__Brief__:
Restate all the entries exactly as they appear, apart from the pictures.
--- Task material ---
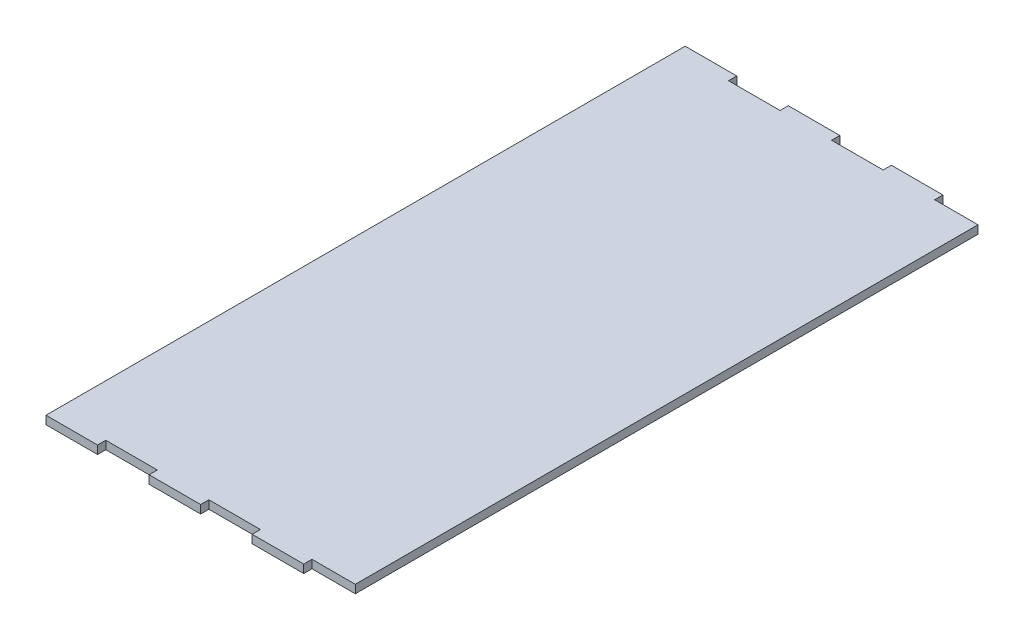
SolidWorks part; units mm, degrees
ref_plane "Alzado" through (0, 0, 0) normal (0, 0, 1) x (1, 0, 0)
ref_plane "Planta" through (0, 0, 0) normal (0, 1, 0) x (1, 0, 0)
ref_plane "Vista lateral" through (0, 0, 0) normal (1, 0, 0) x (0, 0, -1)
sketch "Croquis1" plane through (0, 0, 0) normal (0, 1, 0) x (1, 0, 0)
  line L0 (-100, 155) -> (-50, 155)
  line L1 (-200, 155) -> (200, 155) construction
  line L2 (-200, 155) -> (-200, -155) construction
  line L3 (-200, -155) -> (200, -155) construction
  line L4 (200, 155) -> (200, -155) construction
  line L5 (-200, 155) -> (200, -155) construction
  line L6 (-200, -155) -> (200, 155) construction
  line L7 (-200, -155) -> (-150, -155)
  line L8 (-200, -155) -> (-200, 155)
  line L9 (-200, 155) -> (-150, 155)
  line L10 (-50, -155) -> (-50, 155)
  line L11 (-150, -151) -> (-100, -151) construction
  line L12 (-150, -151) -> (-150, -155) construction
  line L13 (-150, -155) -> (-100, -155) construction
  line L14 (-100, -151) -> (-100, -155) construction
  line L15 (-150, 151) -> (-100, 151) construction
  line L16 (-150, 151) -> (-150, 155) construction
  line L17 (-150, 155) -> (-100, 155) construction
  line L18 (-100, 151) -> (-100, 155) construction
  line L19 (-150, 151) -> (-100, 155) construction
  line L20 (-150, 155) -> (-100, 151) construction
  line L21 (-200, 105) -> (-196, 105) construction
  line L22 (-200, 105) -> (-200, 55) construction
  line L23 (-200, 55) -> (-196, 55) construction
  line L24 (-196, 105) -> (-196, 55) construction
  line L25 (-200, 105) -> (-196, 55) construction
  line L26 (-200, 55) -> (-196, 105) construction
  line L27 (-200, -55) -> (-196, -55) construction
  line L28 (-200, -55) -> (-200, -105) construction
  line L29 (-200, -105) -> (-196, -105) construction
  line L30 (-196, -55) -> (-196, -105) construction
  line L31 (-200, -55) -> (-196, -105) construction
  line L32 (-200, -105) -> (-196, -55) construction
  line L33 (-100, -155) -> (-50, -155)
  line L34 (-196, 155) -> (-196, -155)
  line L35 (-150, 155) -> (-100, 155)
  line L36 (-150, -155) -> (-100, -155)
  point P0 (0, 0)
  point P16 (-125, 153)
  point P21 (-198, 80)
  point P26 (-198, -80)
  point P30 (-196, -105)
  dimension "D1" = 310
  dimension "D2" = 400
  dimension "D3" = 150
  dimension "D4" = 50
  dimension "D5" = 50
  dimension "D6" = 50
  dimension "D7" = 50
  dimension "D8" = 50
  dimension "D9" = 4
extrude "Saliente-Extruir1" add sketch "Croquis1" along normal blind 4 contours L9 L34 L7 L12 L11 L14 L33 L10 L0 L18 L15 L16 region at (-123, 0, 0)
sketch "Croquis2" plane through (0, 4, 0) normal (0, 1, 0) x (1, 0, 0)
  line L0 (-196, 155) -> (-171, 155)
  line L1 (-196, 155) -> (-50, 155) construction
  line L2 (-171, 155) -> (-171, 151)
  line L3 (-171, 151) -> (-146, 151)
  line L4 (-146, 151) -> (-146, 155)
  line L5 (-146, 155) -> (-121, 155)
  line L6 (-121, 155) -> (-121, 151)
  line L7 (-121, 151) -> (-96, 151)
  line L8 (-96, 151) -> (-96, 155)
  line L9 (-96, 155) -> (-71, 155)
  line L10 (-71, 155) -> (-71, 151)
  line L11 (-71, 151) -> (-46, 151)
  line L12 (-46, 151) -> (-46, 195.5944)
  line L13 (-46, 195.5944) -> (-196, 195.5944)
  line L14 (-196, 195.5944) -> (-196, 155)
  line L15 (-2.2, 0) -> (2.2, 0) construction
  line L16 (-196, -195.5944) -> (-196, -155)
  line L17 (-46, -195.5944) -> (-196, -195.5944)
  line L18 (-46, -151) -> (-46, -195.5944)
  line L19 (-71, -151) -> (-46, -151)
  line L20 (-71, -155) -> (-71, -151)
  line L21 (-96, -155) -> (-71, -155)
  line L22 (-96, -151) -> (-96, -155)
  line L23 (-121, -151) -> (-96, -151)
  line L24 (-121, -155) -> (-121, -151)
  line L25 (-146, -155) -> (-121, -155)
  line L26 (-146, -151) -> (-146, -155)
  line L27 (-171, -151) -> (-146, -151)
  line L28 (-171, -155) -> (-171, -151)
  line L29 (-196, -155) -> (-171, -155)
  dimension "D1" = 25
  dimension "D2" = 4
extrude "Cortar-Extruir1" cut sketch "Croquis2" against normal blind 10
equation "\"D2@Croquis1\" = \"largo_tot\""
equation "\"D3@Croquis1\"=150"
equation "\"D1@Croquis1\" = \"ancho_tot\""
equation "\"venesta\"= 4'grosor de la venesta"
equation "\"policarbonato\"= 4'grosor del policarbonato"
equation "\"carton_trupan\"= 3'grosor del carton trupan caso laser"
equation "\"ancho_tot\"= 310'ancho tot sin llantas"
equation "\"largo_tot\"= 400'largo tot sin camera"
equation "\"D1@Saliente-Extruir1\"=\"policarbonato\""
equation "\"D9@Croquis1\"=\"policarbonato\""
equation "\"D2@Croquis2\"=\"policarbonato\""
---
__Exercise result__:
SolidWorks part; units mm, degrees
ref_plane "Alzado" through (0, 0, 0) normal (0, 0, 1) x (1, 0, 0)
ref_plane "Planta" through (0, 0, 0) normal (0, 1, 0) x (1, 0, 0)
ref_plane "Vista lateral" through (0, 0, 0) normal (1, 0, 0) x (0, 0, -1)
sketch "Croquis1" plane through (0, 0, 0) normal (0, 1, 0) x (1, 0, 0)
  line L0 (-100, 155) -> (-50, 155)
  line L1 (-200, 155) -> (200, 155) construction
  line L2 (-200, 155) -> (-200, -155) construction
  line L3 (-200, -155) -> (200, -155) construction
  line L4 (200, 155) -> (200, -155) construction
  line L5 (-200, 155) -> (200, -155) construction
  line L6 (-200, -155) -> (200, 155) construction
  line L7 (-200, -155) -> (-150, -155)
  line L8 (-200, -155) -> (-200, 155)
  line L9 (-200, 155) -> (-150, 155)
  line L10 (-50, -155) -> (-50, 155)
  line L11 (-150, -151) -> (-100, -151) construction
  line L12 (-150, -151) -> (-150, -155) construction
  line L13 (-150, -155) -> (-100, -155) construction
  line L14 (-100, -151) -> (-100, -155) construction
  line L15 (-150, 151) -> (-100, 151) construction
  line L16 (-150, 151) -> (-150, 155) construction
  line L17 (-150, 155) -> (-100, 155) construction
  line L18 (-100, 151) -> (-100, 155) construction
  line L19 (-150, 151) -> (-100, 155) construction
  line L20 (-150, 155) -> (-100, 151) construction
  line L21 (-200, 105) -> (-196, 105) construction
  line L22 (-200, 105) -> (-200, 55) construction
  line L23 (-200, 55) -> (-196, 55) construction
  line L24 (-196, 105) -> (-196, 55) construction
  line L25 (-200, 105) -> (-196, 55) construction
  line L26 (-200, 55) -> (-196, 105) construction
  line L27 (-200, -55) -> (-196, -55) construction
  line L28 (-200, -55) -> (-200, -105) construction
  line L29 (-200, -105) -> (-196, -105) construction
  line L30 (-196, -55) -> (-196, -105) construction
  line L31 (-200, -55) -> (-196, -105) construction
  line L32 (-200, -105) -> (-196, -55) construction
  line L33 (-100, -155) -> (-50, -155)
  line L34 (-196, 155) -> (-196, -155)
  line L35 (-150, 155) -> (-100, 155)
  line L36 (-150, -155) -> (-100, -155)
  point P0 (0, 0)
  point P16 (-125, 153)
  point P21 (-198, 80)
  point P26 (-198, -80)
  point P30 (-196, -105)
  dimension "D1" = 310
  dimension "D2" = 400
  dimension "D3" = 150
  dimension "D4" = 50
  dimension "D5" = 50
  dimension "D6" = 50
  dimension "D7" = 50
  dimension "D8" = 50
  dimension "D9" = 4
extrude "Saliente-Extruir1" add sketch "Croquis1" along normal blind 4 contours L9 L34 L7 L12 L11 L14 L33 L10 L0 L18 L15 L16 region at (-123, 0, 0)
sketch "Croquis2" plane through (0, 4, 0) normal (0, 1, 0) x (1, 0, 0)
  line L0 (-196, 155) -> (-171, 155)
  line L1 (-196, 155) -> (-50, 155) construction
  line L2 (-171, 155) -> (-171, 151)
  line L3 (-171, 151) -> (-146, 151)
  line L4 (-146, 151) -> (-146, 155)
  line L5 (-146, 155) -> (-121, 155)
  line L6 (-121, 155) -> (-121, 151)
  line L7 (-121, 151) -> (-96, 151)
  line L8 (-96, 151) -> (-96, 155)
  line L9 (-96, 155) -> (-71, 155)
  line L10 (-71, 155) -> (-71, 151)
  line L11 (-71, 151) -> (-46, 151)
  line L12 (-46, 151) -> (-46, 195.5944)
  line L13 (-46, 195.5944) -> (-196, 195.5944)
  line L14 (-196, 195.5944) -> (-196, 155)
  line L15 (-2.2, 0) -> (2.2, 0) construction
  line L16 (-196, -195.5944) -> (-196, -155)
  line L17 (-46, -195.5944) -> (-196, -195.5944)
  line L18 (-46, -151) -> (-46, -195.5944)
  line L19 (-71, -151) -> (-46, -151)
  line L20 (-71, -155) -> (-71, -151)
  line L21 (-96, -155) -> (-71, -155)
  line L22 (-96, -151) -> (-96, -155)
  line L23 (-121, -151) -> (-96, -151)
  line L24 (-121, -155) -> (-121, -151)
  line L25 (-146, -155) -> (-121, -155)
  line L26 (-146, -151) -> (-146, -155)
  line L27 (-171, -151) -> (-146, -151)
  line L28 (-171, -155) -> (-171, -151)
  line L29 (-196, -155) -> (-171, -155)
  dimension "D1" = 25
  dimension "D2" = 4
extrude "Cortar-Extruir1" cut sketch "Croquis2" against normal blind 10
equation "\"D2@Croquis1\" = \"largo_tot\""
equation "\"D3@Croquis1\"=150"
equation "\"D1@Croquis1\" = \"ancho_tot\""
equation "\"venesta\"= 4'grosor de la venesta"
equation "\"policarbonato\"= 4'grosor del policarbonato"
equation "\"carton_trupan\"= 3'grosor del carton trupan caso laser"
equation "\"ancho_tot\"= 310'ancho tot sin llantas"
equation "\"largo_tot\"= 400'largo tot sin camera"
equation "\"D1@Saliente-Extruir1\"=\"policarbonato\""
equation "\"D9@Croquis1\"=\"policarbonato\""
equation "\"D2@Croquis2\"=\"policarbonato\""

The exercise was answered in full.